1. "Beltracchi: The Art of Forgery" - 60 Minutes called Wolfgang Beltracchi a “con man of epic proportions” and dubbed him and his wife Helene, “the Bonnie and Clyde of the art world.” For nearly 40 years the charming and effervescent Beltracchi produced hundreds of meticulous works of art, forgeries of early and mid-20th century artists, using old canvases and distressed frames scoured from flea markets and paints whose pigments he ground himself. Amazingly, he didn’t reproduce known paintings, but, working in an artist’s style, would create entirely new “masterpieces.”
A large Max Ernst that took him three days to produce could easily fetch $5 million. Beltracchi was put on trial in 2011, but he readily admits that the handful of forgeries for which he was held accountable are just the tip of the iceberg. Many others remain on the walls of some of the world’s greatest art museums and private collectors. Filmmaker Arne Birkenstock, whose father was Beltracchi’s attorney, has unprecedented access to the controversial forger, capturing his unique personality: a bizarre mix of candor and cunning, insouciance and joie de vivre.
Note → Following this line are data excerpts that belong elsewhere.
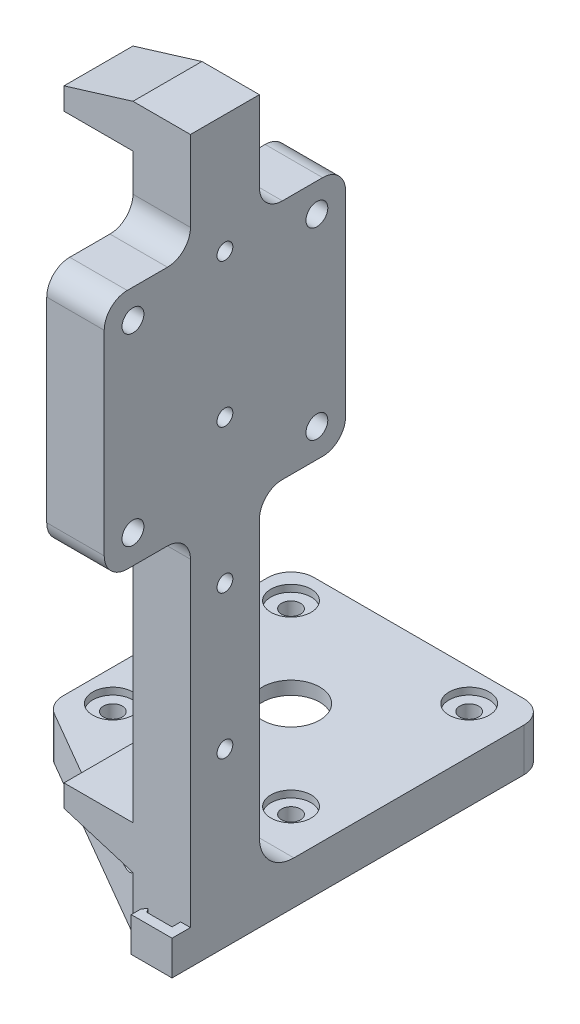
SolidWorks part; units mm, degrees
ref_plane "Front Plane" through (0, 0, 0) normal (0, 0, 1) x (1, 0, 0)
ref_plane "Top Plane" through (0, 0, 0) normal (0, 1, 0) x (1, 0, 0)
ref_plane "Right Plane" through (0, 0, 0) normal (1, 0, 0) x (0, 0, -1)
sketch "Sketch1" plane through (0, 0, 0) normal (1, 0, 0) x (0, 0, -1)
  line L1 (-21, 21) -> (21, 21)
  line L2 (-21, 21) -> (-21, -21)
  line L3 (-21, -21) -> (21, -21)
  line L4 (21, 21) -> (21, -21)
  line L5 (-21, 21) -> (21, -21) construction
  line L6 (-21, -21) -> (21, 21) construction
  circle A0 centre (16, -16) radius 1.9
  circle A1 centre (-16, -16) radius 1.9
  circle A2 centre (-16, 16) radius 1.9
  circle A3 centre (16, 16) radius 1.9
  point P0 (0, 0)
  dimension "D1" = 3.8
  dimension "D2" = 16
  dimension "D5" = 16
  dimension "D6" = 42
  dimension "D3" = 2
  dimension "D4" = 2
extrude "Boss-Extrude1" add sketch "Sketch1" along normal blind 10
sketch "Sketch2" plane through (0, 0, 0) normal (-1, 0, 0) x (0, 0, 1)
  line L0 (21, 21) -> (21, -21) construction
  line L1 (6, 39) -> (-6, 39)
  line L2 (6, 39) -> (6, -79)
  line L3 (6, -79) -> (-6, -79)
  line L4 (-6, 39) -> (-6, -79)
  line L5 (6, 39) -> (-6, -79) construction
  line L6 (6, -79) -> (-6, 39) construction
  line L7 (0, 39) -> (0, -79) construction
  line L8 (-21, 21) -> (21, 21) construction
  point P0 (0, -20)
  dimension "D1" = 12
  dimension "D2" = 21
  dimension "D3" = 118
  dimension "D4" = 18
extrude "Boss-Extrude2" add sketch "Sketch2" against normal blind 10
sketch "Sketch3" plane through (0, 0, 0) normal (-1, 0, 0) x (0, 0, 1)
  line L0 (-6, 31.5) -> (6, 31.5) construction
  line L1 (-6, 39) -> (-6, 21) construction
  line L2 (6, 21) -> (6, 39) construction
  line L3 (6, 39) -> (-6, 39) construction
  line L4 (6, -79) -> (6, -21) construction
  line L5 (6, 31.5) -> (-6, 31.5)
  line L6 (6, 31.5) -> (6, 35.25)
  line L7 (6, 35.25) -> (-6, 35.25)
  line L8 (-6, 31.5) -> (-6, 35.25)
  line L9 (-6, -73.45) -> (6, -73.45)
  line L10 (-6, -73.45) -> (-6, -69.7)
  line L11 (-6, -69.7) -> (6, -69.7)
  line L12 (6, -73.45) -> (6, -69.7)
  dimension "D1" = 7.5
  dimension "D2" = 3.75
  dimension "D3" = 101.2
  dimension "D4" = 3.75
extrude "Boss-Extrude3" add sketch "Sketch3" along normal blind 12
chamfer "Chamfer1" distance 3.75 angle 73 2 edges at (0, 35.25, 0) (0, -73.45, 0) first distance on face at (0, 37.125, 0) first distance on face at (0, -76.225, 0)
sketch "Sketch4" plane through (0, 0, 0) normal (-1, 0, 0) x (0, 0, 1)
  line L0 (0, 31.5) -> (0, -79) construction
  line L1 (-6, 31.5) -> (6, 31.5) construction
  line L2 (-6, -79) -> (6, -79) construction
  circle A0 centre (0, 18.4) radius 1.375
  circle A1 centre (0, -6.6) radius 1.375
  circle A2 centre (0, -31.6) radius 1.375
  circle A3 centre (0, -56.6) radius 1.375
  dimension "D1" = 2.75
  dimension "D2" = 13.1
  dimension "D3" = 4
extrude "Cut-Extrude1" cut sketch "Sketch4" against normal blind 12
sketch "Sketch5" plane through (0, -79, 0) normal (0, -1, 0) x (1, 0, 0)
  line L0 (10, -6) -> (10, 6) construction
  line L1 (10, 6) -> (10, -56)
  line L2 (-34.5, -14) -> (7.5, -14)
  line L3 (-34.5, -14) -> (-34.5, -56)
  line L4 (-34.5, -56) -> (7.5, -56)
  line L5 (7.5, -14) -> (7.5, -56)
  line L6 (-34.5, -14) -> (7.5, -56) construction
  line L7 (-34.5, -56) -> (7.5, -14) construction
  line L8 (10, -56) -> (7.5, -56)
  line L9 (0, 6) -> (-34.5, -14)
  line L10 (0, 6) -> (10, 6)
  circle A0 centre (-13.5, -35) radius 5
  circle A1 centre (2, -50.5) radius 1.65
  circle A2 centre (-29, -50.5) radius 1.65
  circle A3 centre (-29, -19.5) radius 1.65
  circle A4 centre (2, -19.5) radius 1.65
  line M5 (10, 6) -> (0, 6)
  line M7 (0, -6) -> (10, -6)
  line M8 (10, -6) -> (10, 6)
  dimension "D5" = 3.3
  dimension "D9" = 10
  dimension "D1" = 35
  dimension "D2" = 23.5
  dimension "D3" = 42
  dimension "D4" = 42
  dimension "D6" = 15.5
  dimension "D7" = 2
  dimension "D8" = 2
extrude "Boss-Extrude4" add sketch "Sketch5" along normal blind 7.5 contours L5 L2 L3 L4 A4 A3 A2 A1 A0 | L2 L5 L8 L1 M7 | M8 M5 M7 region at (-3.1519, -79, -10.7769) region at (-13.5, -79, -14.594)
sketch "Sketch6" plane through (0, -86.5, 0) normal (0, -1, 0) x (1, 0, 0)
  circle A0 centre (-13.5, -35) radius 12.5
  dimension "D1" = 25
extrude "Cut-Extrude2" cut sketch "Sketch6" against normal blind 5.2
sketch "Sketch7" [suppressed] plane through (10, 0, 0) normal (1, 0, 0) x (0, 0, -1)
  line L0 (-6, 39) -> (6, 39) construction
  line L1 (-1.7321, 15.65) -> (1.7321, 15.65)
  line L2 (1.7321, 15.65) -> (3.4641, 18.65)
  line L3 (3.4641, 18.65) -> (1.7321, 21.65)
  line L4 (1.7321, 21.65) -> (-1.7321, 21.65)
  line L5 (-1.7321, 21.65) -> (-3.4641, 18.65)
  line L6 (-3.4641, 18.65) -> (-1.7321, 15.65)
  line L7 (-1.7321, -9.35) -> (1.7321, -9.35)
  line L8 (1.7321, -9.35) -> (3.4641, -6.35)
  line L9 (3.4641, -6.35) -> (1.7321, -3.35)
  line L10 (1.7321, -3.35) -> (-1.7321, -3.35)
  line L11 (-1.7321, -3.35) -> (-3.4641, -6.35)
  line L12 (-3.4641, -6.35) -> (-1.7321, -9.35)
  line L13 (-1.7321, -34.35) -> (1.7321, -34.35)
  line L14 (1.7321, -34.35) -> (3.4641, -31.35)
  line L15 (3.4641, -31.35) -> (1.7321, -28.35)
  line L16 (1.7321, -28.35) -> (-1.7321, -28.35)
  line L17 (-1.7321, -28.35) -> (-3.4641, -31.35)
  line L18 (-3.4641, -31.35) -> (-1.7321, -34.35)
  line L19 (-1.7321, -59.35) -> (1.7321, -59.35)
  line L20 (1.7321, -59.35) -> (3.4641, -56.35)
  line L21 (3.4641, -56.35) -> (1.7321, -53.35)
  line L22 (1.7321, -53.35) -> (-1.7321, -53.35)
  line L23 (-1.7321, -53.35) -> (-3.4641, -56.35)
  line L24 (-3.4641, -56.35) -> (-1.7321, -59.35)
  circle A0 centre (0, 18.65) radius 3 construction
  dimension "D1" = 6
  dimension "D2" = 4
extrude "Cut-Extrude3" [suppressed] cut sketch "Sketch7" against normal blind 5
fillet "Fillet1" radius 4 11 edges at (10, -82.75, -56) (-34.5, -82.75, -56) (-34.5, -82.75, -14) (5, 21, 6) (5, 21, -6) (5, -21, -6) (5, -21, 6) (5, -21, 21) (5, -21, -21) (5, 21, 21) (5, 21, -21)
fillet "Fillet2" radius 6 2 edges at (5, -79, -6) (0, -79, 0)
sketch "Sketch8" plane through (0, -79, 0) normal (0, 1, 0) x (1, 0, 0)
  circle A0 centre (-29, 50.5) radius 3.5
  circle A2 centre (2, 50.5) radius 3.5
  circle A3 centre (2, 19.5) radius 3.5
  circle A4 centre (-29, 19.5) radius 3.5
  dimension "D1" = 7
  dimension "D2" = 2
  dimension "D3" = 2
extrude "Cut-Extrude4" cut sketch "Sketch8" against normal blind 1.2
sketch "Sketch11" plane through (0, -86.5, 0) normal (0, -1, 0) x (1, 0, 0)
  line L0 (10, 6) -> (10, 9.2)
  line L1 (10, 9.2) -> (2.9, 9.2)
  line L2 (2.9, 9.2) -> (2.9, 7.5)
  line L3 (2.9, 7.5) -> (8.3, 7.5)
  line L4 (8.3, 7.5) -> (8.3, 6)
  line L5 (2.9, 7.5) -> (3.4334, 6.8)
  line L6 (3.4334, 6.8) -> (3.9, 7.5)
  line L7 (3.9, 7.5) -> (2.9, 7.5)
  line L8 (8.3, 6) -> (10, 6)
  line M9 (10, 6) -> (0, 6)
  dimension "D1" = 1.7
  dimension "D2" = 1.7
  dimension "D3" = 5.4
  dimension "D4" = 4.4
  dimension "D5" = 0.7
extrude "Boss-Extrude7" add sketch "Sketch11" against normal blind 6 contours L3 L4 L0 L1 L2 M9 | L5 L6 L3 region at (6.9209, -86.5, 8.0709) region at (3.4111, -86.5, 7.2667)

2. "Shanghai" - In "Shanghai," an American returns to a corrupt Japanese occupied Shanghai during the Second World War to discover his friend's death. While unraveling the mysteries of this death and the seedy underbelly of Shanghai politics he discovers a much larger secret his own government is hiding.
3. "Hitman: Agent 47" - "Hitman: Agent 47" centers on an elite assassin who was genetically engineered from conception to be the perfect killing machine, and is known only by the last two digits on the barcode tattooed on the back of his neck. He is the culmination of decades of research – and forty-six earlier Agent clones -- endowing him with unprecedented strength, speed, stamina and intelligence. His latest target is a mega-corporation that plans to unlock the secret of Agent 47’s past to create an army of killers whose powers surpass even his own. Teaming up with a young woman who may hold the secret to overcoming their powerful and clandestine enemies, 47 confronts stunning revelations about his own origins and squares off in an epic battle with his deadliest foe.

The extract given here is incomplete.